_DATA FOR PROCESSING:_
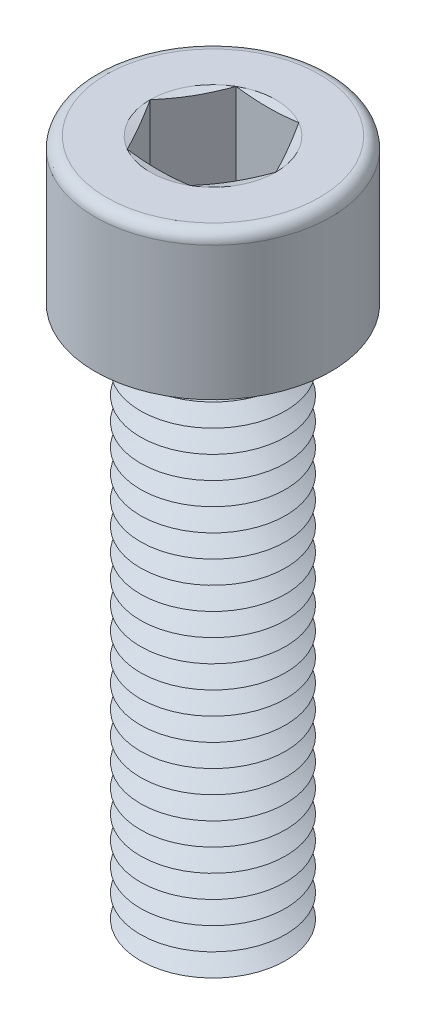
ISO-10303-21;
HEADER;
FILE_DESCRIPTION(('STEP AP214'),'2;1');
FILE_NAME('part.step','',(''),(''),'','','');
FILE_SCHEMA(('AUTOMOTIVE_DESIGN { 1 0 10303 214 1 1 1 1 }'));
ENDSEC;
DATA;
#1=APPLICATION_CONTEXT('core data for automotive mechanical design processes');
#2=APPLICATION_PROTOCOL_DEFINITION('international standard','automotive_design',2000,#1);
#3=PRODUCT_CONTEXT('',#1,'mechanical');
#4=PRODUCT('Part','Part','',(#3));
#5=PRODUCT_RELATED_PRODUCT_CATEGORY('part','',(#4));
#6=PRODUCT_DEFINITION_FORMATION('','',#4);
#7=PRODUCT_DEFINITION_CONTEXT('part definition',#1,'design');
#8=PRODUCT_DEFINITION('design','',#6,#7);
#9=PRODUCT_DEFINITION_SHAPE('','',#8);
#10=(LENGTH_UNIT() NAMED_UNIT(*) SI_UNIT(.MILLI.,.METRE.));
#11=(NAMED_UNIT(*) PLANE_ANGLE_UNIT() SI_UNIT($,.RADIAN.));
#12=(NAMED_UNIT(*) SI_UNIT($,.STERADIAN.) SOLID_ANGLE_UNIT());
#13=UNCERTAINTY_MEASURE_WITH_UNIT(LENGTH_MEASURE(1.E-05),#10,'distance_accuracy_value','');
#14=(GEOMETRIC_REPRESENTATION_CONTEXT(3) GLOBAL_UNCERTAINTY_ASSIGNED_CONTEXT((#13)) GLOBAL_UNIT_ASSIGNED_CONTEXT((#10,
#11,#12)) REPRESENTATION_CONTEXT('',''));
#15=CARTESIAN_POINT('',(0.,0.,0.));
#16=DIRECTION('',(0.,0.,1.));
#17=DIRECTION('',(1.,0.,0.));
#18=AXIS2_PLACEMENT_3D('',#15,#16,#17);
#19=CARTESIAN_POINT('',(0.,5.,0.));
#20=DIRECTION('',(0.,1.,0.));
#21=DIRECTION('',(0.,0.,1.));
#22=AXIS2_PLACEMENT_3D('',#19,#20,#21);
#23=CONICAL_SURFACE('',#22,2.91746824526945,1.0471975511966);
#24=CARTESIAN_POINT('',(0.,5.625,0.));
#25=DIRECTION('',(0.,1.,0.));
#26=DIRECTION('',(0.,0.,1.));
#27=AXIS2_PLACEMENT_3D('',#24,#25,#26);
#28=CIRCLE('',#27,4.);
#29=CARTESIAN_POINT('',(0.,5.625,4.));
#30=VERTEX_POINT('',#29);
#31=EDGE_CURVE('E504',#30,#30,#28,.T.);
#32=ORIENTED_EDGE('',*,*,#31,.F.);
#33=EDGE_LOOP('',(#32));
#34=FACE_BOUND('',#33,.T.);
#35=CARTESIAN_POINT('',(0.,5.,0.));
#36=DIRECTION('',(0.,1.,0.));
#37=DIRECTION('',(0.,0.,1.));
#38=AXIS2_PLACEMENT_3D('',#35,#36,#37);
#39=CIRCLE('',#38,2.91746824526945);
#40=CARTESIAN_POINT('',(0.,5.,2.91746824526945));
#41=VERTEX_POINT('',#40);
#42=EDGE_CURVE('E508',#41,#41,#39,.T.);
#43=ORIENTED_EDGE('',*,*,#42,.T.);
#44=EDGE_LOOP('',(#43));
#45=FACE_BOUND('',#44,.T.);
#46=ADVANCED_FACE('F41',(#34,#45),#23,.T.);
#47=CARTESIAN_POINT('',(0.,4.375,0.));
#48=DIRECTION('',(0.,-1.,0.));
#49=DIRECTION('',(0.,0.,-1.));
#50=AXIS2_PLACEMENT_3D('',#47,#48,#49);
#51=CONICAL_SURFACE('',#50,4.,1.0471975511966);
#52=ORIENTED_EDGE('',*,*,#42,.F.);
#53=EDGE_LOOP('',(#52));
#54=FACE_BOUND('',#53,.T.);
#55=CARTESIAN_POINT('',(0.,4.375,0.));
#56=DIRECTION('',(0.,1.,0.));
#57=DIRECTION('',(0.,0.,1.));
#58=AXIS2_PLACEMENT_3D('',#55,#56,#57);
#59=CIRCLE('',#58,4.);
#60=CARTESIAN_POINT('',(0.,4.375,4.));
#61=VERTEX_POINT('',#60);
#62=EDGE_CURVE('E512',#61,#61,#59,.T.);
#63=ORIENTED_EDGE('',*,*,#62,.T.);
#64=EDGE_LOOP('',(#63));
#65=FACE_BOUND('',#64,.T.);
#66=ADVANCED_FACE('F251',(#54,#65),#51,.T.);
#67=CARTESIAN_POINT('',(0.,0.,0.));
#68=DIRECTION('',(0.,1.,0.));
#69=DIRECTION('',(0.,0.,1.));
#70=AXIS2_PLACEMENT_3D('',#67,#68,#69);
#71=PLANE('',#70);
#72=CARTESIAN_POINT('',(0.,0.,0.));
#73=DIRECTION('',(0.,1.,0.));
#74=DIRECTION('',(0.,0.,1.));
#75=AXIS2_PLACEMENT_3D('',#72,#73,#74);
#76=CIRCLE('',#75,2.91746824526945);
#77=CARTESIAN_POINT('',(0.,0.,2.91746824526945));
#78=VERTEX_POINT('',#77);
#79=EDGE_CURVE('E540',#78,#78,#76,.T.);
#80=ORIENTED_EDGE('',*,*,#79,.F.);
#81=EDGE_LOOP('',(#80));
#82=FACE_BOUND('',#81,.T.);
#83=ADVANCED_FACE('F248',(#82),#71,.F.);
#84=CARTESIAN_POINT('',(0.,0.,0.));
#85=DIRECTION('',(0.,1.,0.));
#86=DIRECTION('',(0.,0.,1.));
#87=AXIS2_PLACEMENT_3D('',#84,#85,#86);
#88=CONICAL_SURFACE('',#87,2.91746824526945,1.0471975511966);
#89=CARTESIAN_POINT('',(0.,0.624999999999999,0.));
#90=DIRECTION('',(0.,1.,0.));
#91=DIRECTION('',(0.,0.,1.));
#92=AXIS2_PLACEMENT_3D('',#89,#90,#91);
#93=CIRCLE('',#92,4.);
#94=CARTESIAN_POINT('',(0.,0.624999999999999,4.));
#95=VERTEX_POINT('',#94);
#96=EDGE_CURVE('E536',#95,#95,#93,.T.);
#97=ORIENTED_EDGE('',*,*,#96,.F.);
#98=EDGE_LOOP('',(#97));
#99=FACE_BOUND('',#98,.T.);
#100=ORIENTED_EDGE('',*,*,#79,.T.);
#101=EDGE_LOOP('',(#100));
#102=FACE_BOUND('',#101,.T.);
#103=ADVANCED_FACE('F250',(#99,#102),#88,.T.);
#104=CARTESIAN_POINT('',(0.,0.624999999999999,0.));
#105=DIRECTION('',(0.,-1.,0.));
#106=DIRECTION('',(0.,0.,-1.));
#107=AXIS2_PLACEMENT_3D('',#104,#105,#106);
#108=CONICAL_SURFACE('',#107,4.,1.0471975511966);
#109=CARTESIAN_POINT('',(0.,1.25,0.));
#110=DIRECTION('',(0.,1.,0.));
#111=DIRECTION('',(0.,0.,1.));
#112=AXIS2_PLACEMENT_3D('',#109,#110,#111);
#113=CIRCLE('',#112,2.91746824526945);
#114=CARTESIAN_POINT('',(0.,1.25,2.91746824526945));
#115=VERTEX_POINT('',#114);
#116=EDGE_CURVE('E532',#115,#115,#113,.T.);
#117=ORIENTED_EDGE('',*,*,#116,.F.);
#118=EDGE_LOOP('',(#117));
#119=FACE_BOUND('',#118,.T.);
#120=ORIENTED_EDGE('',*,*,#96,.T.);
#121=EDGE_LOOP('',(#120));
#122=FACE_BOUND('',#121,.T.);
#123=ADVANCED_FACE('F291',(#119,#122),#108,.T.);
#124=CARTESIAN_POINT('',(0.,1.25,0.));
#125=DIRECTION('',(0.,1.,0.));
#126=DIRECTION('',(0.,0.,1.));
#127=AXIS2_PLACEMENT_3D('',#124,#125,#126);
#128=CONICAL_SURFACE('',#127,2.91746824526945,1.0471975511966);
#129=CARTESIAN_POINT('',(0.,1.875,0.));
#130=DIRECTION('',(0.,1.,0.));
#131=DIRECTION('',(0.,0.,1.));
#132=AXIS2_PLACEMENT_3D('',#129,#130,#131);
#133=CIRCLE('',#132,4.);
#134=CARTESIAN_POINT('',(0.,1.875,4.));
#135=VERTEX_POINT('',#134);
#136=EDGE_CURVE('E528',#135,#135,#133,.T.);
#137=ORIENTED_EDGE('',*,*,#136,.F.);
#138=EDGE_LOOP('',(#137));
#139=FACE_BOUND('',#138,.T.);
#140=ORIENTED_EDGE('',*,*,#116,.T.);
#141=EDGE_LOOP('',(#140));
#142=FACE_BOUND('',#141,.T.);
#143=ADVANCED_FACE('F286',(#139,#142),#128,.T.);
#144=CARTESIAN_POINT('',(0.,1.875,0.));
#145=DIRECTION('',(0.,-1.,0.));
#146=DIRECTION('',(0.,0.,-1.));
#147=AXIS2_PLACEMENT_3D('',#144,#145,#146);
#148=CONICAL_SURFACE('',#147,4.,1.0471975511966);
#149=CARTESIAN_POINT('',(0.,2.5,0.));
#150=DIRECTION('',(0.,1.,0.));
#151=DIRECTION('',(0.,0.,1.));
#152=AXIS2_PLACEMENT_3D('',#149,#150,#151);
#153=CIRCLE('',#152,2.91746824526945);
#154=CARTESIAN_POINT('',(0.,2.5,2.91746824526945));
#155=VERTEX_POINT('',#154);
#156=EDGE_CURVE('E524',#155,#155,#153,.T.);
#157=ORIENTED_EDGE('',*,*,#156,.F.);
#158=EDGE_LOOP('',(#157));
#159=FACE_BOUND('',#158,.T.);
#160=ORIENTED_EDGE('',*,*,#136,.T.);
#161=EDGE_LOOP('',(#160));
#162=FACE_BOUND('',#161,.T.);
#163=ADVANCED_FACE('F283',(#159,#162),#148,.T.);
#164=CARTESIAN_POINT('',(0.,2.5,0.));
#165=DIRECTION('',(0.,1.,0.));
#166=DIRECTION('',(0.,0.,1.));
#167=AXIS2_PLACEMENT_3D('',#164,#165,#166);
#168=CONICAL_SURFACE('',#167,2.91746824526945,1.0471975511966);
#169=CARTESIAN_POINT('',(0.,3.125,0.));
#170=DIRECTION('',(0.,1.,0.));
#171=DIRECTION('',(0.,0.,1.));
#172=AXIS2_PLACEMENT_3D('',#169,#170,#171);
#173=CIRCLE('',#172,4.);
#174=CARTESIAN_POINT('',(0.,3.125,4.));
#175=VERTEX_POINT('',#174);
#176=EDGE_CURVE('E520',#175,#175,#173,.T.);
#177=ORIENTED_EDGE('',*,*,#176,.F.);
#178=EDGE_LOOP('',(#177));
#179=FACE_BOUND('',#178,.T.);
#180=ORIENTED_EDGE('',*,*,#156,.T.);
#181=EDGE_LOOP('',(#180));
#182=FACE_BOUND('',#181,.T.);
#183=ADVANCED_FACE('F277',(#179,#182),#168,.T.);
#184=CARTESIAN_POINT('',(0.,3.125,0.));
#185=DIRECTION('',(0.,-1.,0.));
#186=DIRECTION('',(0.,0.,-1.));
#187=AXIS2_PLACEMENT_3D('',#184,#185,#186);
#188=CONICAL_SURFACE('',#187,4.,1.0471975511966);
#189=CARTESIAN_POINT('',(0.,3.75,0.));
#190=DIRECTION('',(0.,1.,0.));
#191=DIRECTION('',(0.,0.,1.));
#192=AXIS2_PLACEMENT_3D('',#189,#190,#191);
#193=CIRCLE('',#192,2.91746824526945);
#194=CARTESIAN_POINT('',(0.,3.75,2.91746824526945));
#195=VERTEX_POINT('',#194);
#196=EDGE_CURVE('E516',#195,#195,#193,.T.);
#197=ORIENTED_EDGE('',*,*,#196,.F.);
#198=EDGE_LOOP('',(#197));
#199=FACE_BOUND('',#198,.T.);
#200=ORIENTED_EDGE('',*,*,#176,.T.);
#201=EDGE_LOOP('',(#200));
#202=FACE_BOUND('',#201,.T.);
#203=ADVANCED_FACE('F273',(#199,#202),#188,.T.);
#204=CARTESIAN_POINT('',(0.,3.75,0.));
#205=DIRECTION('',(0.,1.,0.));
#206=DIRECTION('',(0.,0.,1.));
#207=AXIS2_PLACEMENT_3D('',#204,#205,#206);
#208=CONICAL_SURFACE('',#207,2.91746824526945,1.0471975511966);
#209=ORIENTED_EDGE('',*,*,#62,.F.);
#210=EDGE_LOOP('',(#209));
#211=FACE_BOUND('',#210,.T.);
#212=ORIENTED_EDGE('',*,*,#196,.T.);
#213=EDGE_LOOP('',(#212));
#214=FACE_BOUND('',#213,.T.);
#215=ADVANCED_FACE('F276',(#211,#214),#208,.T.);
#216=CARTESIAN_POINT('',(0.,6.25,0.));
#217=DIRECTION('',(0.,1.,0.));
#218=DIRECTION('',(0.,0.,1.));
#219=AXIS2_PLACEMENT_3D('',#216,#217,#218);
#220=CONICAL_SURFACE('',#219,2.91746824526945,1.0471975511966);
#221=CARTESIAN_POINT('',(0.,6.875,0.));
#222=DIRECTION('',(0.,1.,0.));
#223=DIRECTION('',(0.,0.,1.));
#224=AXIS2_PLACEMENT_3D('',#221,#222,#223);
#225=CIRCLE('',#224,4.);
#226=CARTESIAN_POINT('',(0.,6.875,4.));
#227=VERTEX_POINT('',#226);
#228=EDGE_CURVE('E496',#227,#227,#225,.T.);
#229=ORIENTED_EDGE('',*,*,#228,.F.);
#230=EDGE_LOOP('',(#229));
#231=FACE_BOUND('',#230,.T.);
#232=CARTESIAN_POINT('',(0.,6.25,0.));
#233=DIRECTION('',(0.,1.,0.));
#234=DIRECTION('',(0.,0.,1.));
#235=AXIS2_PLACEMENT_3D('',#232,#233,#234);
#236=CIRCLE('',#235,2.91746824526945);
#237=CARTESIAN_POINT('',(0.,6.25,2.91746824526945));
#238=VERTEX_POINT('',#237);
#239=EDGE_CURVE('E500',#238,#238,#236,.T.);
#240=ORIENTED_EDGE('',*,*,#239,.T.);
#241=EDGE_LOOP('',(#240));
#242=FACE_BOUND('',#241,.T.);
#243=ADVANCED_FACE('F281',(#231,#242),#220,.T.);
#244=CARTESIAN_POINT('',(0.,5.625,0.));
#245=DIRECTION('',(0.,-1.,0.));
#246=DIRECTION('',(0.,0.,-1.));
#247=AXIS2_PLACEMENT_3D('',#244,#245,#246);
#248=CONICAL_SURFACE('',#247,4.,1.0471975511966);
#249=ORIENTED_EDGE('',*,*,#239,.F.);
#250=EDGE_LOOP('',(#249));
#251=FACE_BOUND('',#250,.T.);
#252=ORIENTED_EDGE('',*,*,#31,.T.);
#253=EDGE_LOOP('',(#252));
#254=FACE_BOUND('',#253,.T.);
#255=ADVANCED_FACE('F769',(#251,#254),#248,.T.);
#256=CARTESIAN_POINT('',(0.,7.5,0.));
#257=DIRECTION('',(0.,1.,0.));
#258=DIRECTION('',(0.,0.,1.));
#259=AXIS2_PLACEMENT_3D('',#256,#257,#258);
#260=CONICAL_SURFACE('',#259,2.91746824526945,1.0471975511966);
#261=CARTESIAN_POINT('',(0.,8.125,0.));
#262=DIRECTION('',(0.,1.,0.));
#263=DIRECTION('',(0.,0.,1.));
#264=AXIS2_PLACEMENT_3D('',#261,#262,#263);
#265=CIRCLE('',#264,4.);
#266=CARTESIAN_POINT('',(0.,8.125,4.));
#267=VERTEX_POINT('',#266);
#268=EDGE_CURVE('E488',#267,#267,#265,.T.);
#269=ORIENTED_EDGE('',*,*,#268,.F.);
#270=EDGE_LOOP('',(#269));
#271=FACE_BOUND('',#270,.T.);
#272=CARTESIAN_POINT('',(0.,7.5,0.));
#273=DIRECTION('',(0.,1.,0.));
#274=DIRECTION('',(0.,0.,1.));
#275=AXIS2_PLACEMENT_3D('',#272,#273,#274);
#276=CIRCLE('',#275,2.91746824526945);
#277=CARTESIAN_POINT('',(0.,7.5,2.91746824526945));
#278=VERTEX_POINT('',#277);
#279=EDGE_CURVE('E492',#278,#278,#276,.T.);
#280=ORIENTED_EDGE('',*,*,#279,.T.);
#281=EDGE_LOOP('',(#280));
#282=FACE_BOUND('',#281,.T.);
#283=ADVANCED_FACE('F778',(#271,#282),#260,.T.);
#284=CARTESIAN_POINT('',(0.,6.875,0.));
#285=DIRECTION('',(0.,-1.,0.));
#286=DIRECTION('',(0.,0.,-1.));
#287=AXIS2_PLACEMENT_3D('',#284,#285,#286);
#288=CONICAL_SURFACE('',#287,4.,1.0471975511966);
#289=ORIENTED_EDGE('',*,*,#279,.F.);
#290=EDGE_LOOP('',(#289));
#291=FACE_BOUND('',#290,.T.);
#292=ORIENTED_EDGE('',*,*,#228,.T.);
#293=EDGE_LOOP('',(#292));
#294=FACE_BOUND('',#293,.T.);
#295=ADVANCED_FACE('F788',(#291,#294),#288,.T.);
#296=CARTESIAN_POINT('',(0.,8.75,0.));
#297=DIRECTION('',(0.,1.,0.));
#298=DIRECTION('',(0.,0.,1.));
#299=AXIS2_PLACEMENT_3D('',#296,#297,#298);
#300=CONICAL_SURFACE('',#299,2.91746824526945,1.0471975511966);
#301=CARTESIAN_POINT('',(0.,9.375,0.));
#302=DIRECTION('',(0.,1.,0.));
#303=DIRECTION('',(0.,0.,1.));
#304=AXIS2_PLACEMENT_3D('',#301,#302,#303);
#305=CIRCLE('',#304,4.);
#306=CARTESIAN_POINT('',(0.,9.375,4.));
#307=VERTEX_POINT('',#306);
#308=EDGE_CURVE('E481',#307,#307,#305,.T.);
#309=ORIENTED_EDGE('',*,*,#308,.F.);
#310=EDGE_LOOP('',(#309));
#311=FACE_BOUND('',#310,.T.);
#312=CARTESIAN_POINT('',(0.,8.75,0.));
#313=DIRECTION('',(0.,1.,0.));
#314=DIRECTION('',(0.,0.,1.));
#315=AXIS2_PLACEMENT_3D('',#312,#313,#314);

_WHAT YOU ARE ASKED TO DO:_ From the records above, print only the lines between the one holding "#208=CONICAL_SURFACE('',#207,2.91746824526945,1.0471975511966);" and the one holding "#238=VERTEX_POINT('',#237);", inclusive, exactly as they stand.

_OUTPUT OF THE EXERCISE:_
#208=CONICAL_SURFACE('',#207,2.91746824526945,1.0471975511966);
#209=ORIENTED_EDGE('',*,*,#62,.F.);
#210=EDGE_LOOP('',(#209));
#211=FACE_BOUND('',#210,.T.);
#212=ORIENTED_EDGE('',*,*,#196,.T.);
#213=EDGE_LOOP('',(#212));
#214=FACE_BOUND('',#213,.T.);
#215=ADVANCED_FACE('F276',(#211,#214),#208,.T.);
#216=CARTESIAN_POINT('',(0.,6.25,0.));
#217=DIRECTION('',(0.,1.,0.));
#218=DIRECTION('',(0.,0.,1.));
#219=AXIS2_PLACEMENT_3D('',#216,#217,#218);
#220=CONICAL_SURFACE('',#219,2.91746824526945,1.0471975511966);
#221=CARTESIAN_POINT('',(0.,6.875,0.));
#222=DIRECTION('',(0.,1.,0.));
#223=DIRECTION('',(0.,0.,1.));
#224=AXIS2_PLACEMENT_3D('',#221,#222,#223);
#225=CIRCLE('',#224,4.);
#226=CARTESIAN_POINT('',(0.,6.875,4.));
#227=VERTEX_POINT('',#226);
#228=EDGE_CURVE('E496',#227,#227,#225,.T.);
#229=ORIENTED_EDGE('',*,*,#228,.F.);
#230=EDGE_LOOP('',(#229));
#231=FACE_BOUND('',#230,.T.);
#232=CARTESIAN_POINT('',(0.,6.25,0.));
#233=DIRECTION('',(0.,1.,0.));
#234=DIRECTION('',(0.,0.,1.));
#235=AXIS2_PLACEMENT_3D('',#232,#233,#234);
#236=CIRCLE('',#235,2.91746824526945);
#237=CARTESIAN_POINT('',(0.,6.25,2.91746824526945));
#238=VERTEX_POINT('',#237);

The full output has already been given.